L’impact des taux sur ces deux grandes catégories d’entreprises n’est, bien sûr, pas un hasard. Le phénomène repose sur deux piliers clairement identifiables.
De multiples facteurs bénéfiques aux valeurs cycliques
En parallèle de la hausse des taux, surtout profitable aux valeurs financières, d’autres facteurs viennent soutenir l’univers « cyclique ».
Tout d’abord, l’épidémie de Covid-19 avait profité aux valeurs du « stay at home », en particulier aux valeurs technologiques.
À l’inverse, les valeurs du « go out », regroupant notamment les transports, l’hôtellerie ou encore les foncières de centres commerciaux, avaient été sévèrement sanctionnées. Cette désaffection s’était étendue à l’ensemble des valeurs non technologiques, souvent issues de secteurs cycliques.
Désormais, cette tendance tend à s’inverser : la prévalence d’un variant Omicron moins dangereux, associé à des mesures sanitaires moins strictes, laisse présager un retour à la normale. Les entreprises cycliques retrouvent donc des perspectives plus stables.
En parallèle, le rebond économique observé en 2021 s’est accompagné de diverses pénuries, dont la plus frappante fut celle des semi-conducteurs. La production de ces composants, pénalisée par des ruptures dans les chaînes d’approvisionnement, n’a pas été en mesure de satisfaire la demande. Le secteur automobile en a été l’un des plus affectés : l’an dernier, la plupart des constructeurs se sont retrouvés dans l’incapacité d’atteindre leurs objectifs de production, faute d’avoir reçu les composants nécessaires à l’assemblage des véhicules. Ces pénuries parviennent désormais à se résorber et constituent une excellente nouvelle pour le secteur automobile, dont les ventes pourraient enfin rebondir après deux années difficiles.
Enfin, le retour de l’inflation s’est traduit en fin d’année 2021 par une forte remontée des prix des matières premières. Le pétrole, en revenant au-dessus des 85 dollars/baril, a rejoint son plus haut niveau depuis 2014. Les prix du gaz et de l’électricité ont quant à eux atteint des records historiques en Europe pour des raisons que nous avons déjà évoquées.
La situation s’avère donc bénéfique à certaines sociétés du secteur de l’énergie, sans toutefois constituer une généralité.

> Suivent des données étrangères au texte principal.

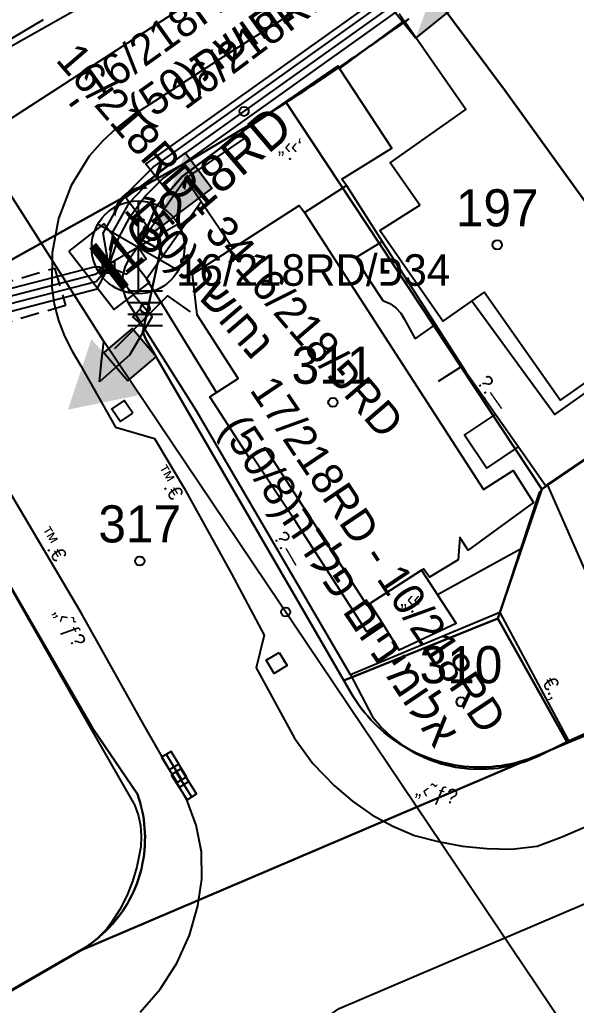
# Model space of a CAD drawing. Header units: metres. Extents: x 218299 to 220222, y 572714 to 574340.
# Drawn here: x 218957.9 to 218987.9, y 573394.8 to 573447.9 of the extents above; entities that cross this region are included whole.
import ezdxf
from ezdxf.enums import TextEntityAlignment as Align

# ---------------------------------------------------------------- set-up
doc = ezdxf.new("R2010")
doc.units = ezdxf.units.M
doc.header["$MEASUREMENT"] = 0
doc.linetypes.add('DASH15', pattern=[1.5, 1, -0.5])
for name, color, linetype in [('1602', 44, 'Continuous'), ('1603', 44, 'Continuous'), ('6011', 10, 'Continuous'), ('6091', 102, 'CABLEUNDEXIST03'), ('6151', 102, 'CABLEUNDEXIST03'), ('6201', 7, 'Continuous'), ('6241', 7, 'Continuous'), ('6261', 7, 'Continuous'), ('6370', 7, 'Continuous'), ('6512', 7, 'Continuous'), ('6522', 1, 'Continuous'), ('65231', 1, 'Continuous'), ('6590', 7, 'Continuous'), ('6701', 7, 'DASH15'), ('68154', 7, 'Continuous'), ('6902', 1, 'Continuous'), ('6910', 102, 'Continuous'), ('6911', 3, 'Continuous'), ('A_POINTS', 2, 'Continuous'), ('M2200', 253, 'Continuous'), ('M2207', 253, 'Continuous'), ('M2401', 7, 'Continuous'), ('M2404', 7, 'Continuous'), ('M2407', 253, 'Continuous'), ('M2408', 253, 'Continuous'), ('M2420', 253, 'Continuous'), ('M2601', 253, 'Continuous'), ('M2602', 253, 'Continuous'), ('M2605', 253, 'Continuous'), ('M4903', 253, 'Continuous'), ('M5250', 253, 'Continuous')]:
    doc.layers.add(name, color=color, linetype=linetype)
doc.styles.add('HEBTXT', font='HEBTXT')
doc.styles.add('MAVAT_HEBTXT', font='HEBTXT')
doc.linetypes.add('CABLEUNDEXIST03', pattern='A,3.5,[222,elecad.shx,S=0.01,R=0,X=0,Y=0],1.5', length=5)

# ---------------------------------------------------------------- blocks, each defined once
blk = doc.blocks.new('6261')
blk.add_lwpolyline([(-2, -1.2), (2, -1.2), (2, 1.2), (-2, 1.2)], close=True)
at = {"color": 0}
blk.add_solid([(2, 1.2), (-2, -1.2), (2, -1.2)], dxfattribs=at)
at = {"color": 0, "style": 'HEBTXT'}
blk.add_attdef('PIL_NAME', (2.689, 2.418), '', height=1.7, dxfattribs=at)
at = {"style": 'HEBTXT'}
blk.add_attdef('CAMUT_MONIM', (2.489, 0.218), '', height=1.7, dxfattribs=at)
at = {"color": 0, "style": 'HEBTXT', "flags": 1}
for tag, p in [('TYPE', (2.585, -1.773)), ('MAP_TYPE', (2.689, -3.782))]:
    blk.add_attdef(tag, p, '', height=1.7, dxfattribs=at)
blk = doc.blocks.new('6910')
at = {"layer": 'A_POINTS'}
blk.add_circle((0, 0), 0.25, dxfattribs=at)
at = {"color": 0, "style": 'HEBTXT', "flags": 1}
blk.add_attdef('CODE', (-2.918, 6.399), '', height=1.7, dxfattribs=at)
at = {"color": 0, "style": 'HEBTXT'}
for tag, p in [('PATH', (0.169, 4.708)), ('HTCH', (0.169, 2.708))]:
    blk.add_attdef(tag, text='', height=1.7, dxfattribs=at).set_placement(p, align=Align.MIDDLE_CENTER)
blk = doc.blocks.new('6911')
at = {"layer": 'A_POINTS'}
blk.add_circle((0, 0), 0.25, dxfattribs=at)
at = {"color": 0, "style": 'HEBTXT', "flags": 1}
blk.add_attdef('CODE', (-2.918, 6.399), '', height=1.7, dxfattribs=at)
at = {"color": 0, "style": 'HEBTXT'}
for tag, p in [('PATH', (0.169, 4.708)), ('HTCH', (0.169, 2.708))]:
    blk.add_attdef(tag, text='', height=1.7, dxfattribs=at).set_placement(p, align=Align.MIDDLE_CENTER)
blk = doc.blocks.new('68154')
at = {"color": 0}
for p, q in [((0.9375, 0.9375), (-0.9375, 0.9375)), ((0.9375, 0.3125), (-0.9375, 0.3125)), ((0.9375, -0.3125), (-0.9375, -0.3125)), ((0.9375, -0.9375), (-0.9375, -0.9375))]:
    blk.add_line(p, q, dxfattribs=at)
at = {"layer": 'A_POINTS'}
blk.add_circle((0, 0), 0.25, dxfattribs=at)
blk = doc.blocks.new('6902')
at = {"layer": 'A_POINTS'}
blk.add_circle((0, 0), 0.25, dxfattribs=at)
at = {"color": 0, "style": 'HEBTXT', "flags": 1}
blk.add_attdef('CODE', (-2.918, 6.399), '', height=1.7, dxfattribs=at)
at = {"color": 0, "style": 'HEBTXT'}
for tag, p in [('PATH', (0.169, 4.708)), ('HTCH', (0.169, 2.708))]:
    blk.add_attdef(tag, text='', height=1.7, dxfattribs=at).set_placement(p, align=Align.MIDDLE_CENTER)
blk = doc.blocks.new('6522')
at = {"color": 0}
for points in [[(0.707, 0.707), (3.55, 3.55), (4.778, 2.689)], [(2.084, 2.082), (1.693, 2.422), (2.067, 2.83), (2.465, 2.465)]]:
    blk.add_lwpolyline(points, dxfattribs=at)
blk.add_solid([(2.083, 2.083), (1.693, 2.422), (2.465, 2.465), (2.067, 2.83)], dxfattribs=at)
at = {"color": 0, "style": 'HEBTXT'}
blk.add_attdef('PLACE', (4.757, 3.899), '', height=1.7, dxfattribs=at)
blk = doc.blocks.new('6201')
at = {"color": 0}
blk.add_solid([(-2, 1), (2, 1), (0, 4.464)], dxfattribs=at)
at = {"color": 0, "style": 'HEBTXT'}
for tag, p, height in [('TRN_NAME', (2.777, 4.893), 3), ('POWER', (2.777, 1.493), 2)]:
    blk.add_attdef(tag, p, '', height=height, dxfattribs=at)
blk = doc.blocks.new('6590')
at = {"color": 0}
for points in [[(0, 2.5), (0, -2.5)], [(2.165, -1.25), (-2.165, 1.25)], [(2.165, 1.25), (-2.165, -1.25)]]:
    blk.add_lwpolyline(points, dxfattribs=at)
blk.add_circle((0, 0), 2.5, dxfattribs=at)
at = {"color": 0, "style": 'HEBTXT'}
blk.add_attdef('CENT_NAME', (2.5, 3), '', height=3, dxfattribs=at)
at = {"color": 0, "style": 'HEBTXT', "flags": 1}
blk.add_attdef('MAP_TYPE', (2.875, -1.593), '', height=3, dxfattribs=at)
blk = doc.blocks.new('6370')
at = {"color": 0}
blk.add_lwpolyline([(-1, -1), (1, -1), (1, 1), (-1, 1)], close=True, dxfattribs=at)
for points in [[(-0.991, 1.013), (1.003, 1.013), (-0.991, -1.013)], [(-0.991, -1.013), (1.003, -1.013), (1.003, 1.013)]]:
    blk.add_solid(points, dxfattribs=at)
at = {"color": 0, "style": 'HEBTXT'}
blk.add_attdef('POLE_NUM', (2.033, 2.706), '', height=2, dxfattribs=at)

Le cas français en est la parfaite illustration : alors que la hausse des prix de l’électricité semble de prime abord être une bonne nouvelle pour EDF, le groupe a au contraire publié en janvier un important « profit warning » relatif à ses prévisions 2022. En cause : les pertes induites par la limitation des prix de vente de l’électricité en France, auxquelles s’ajoute la mise à l’arrêt de certains réacteurs pour cause de maintenance. Preuve, s’il en est, qu’au sein du secteur de l’énergie, les situations peuvent s’avérer diamétralement opposées d’une entreprise à l’autre.
En somme, la rotation sectorielle en faveur des valeurs cycliques constitue une opportunité de marché à exploiter, mais nécessite de maintenir une grande vigilance dans le choix des titres. Notons également que la récente surperformance de ces valeurs, que nous avions anticipée en signalant notamment de longue date l’intérêt du secteur bancaire, ne limite en rien l’intérêt de certaines valeurs de croissance, notamment lorsque celles-ci présentent une solide capacité d’innovation. Ces dernières peuvent donc apporter un moteur de performance supplémentaire, mais la période actuelle nous amène à privilégier les valeurs cycliques, de qualité, souvent sous-évaluées.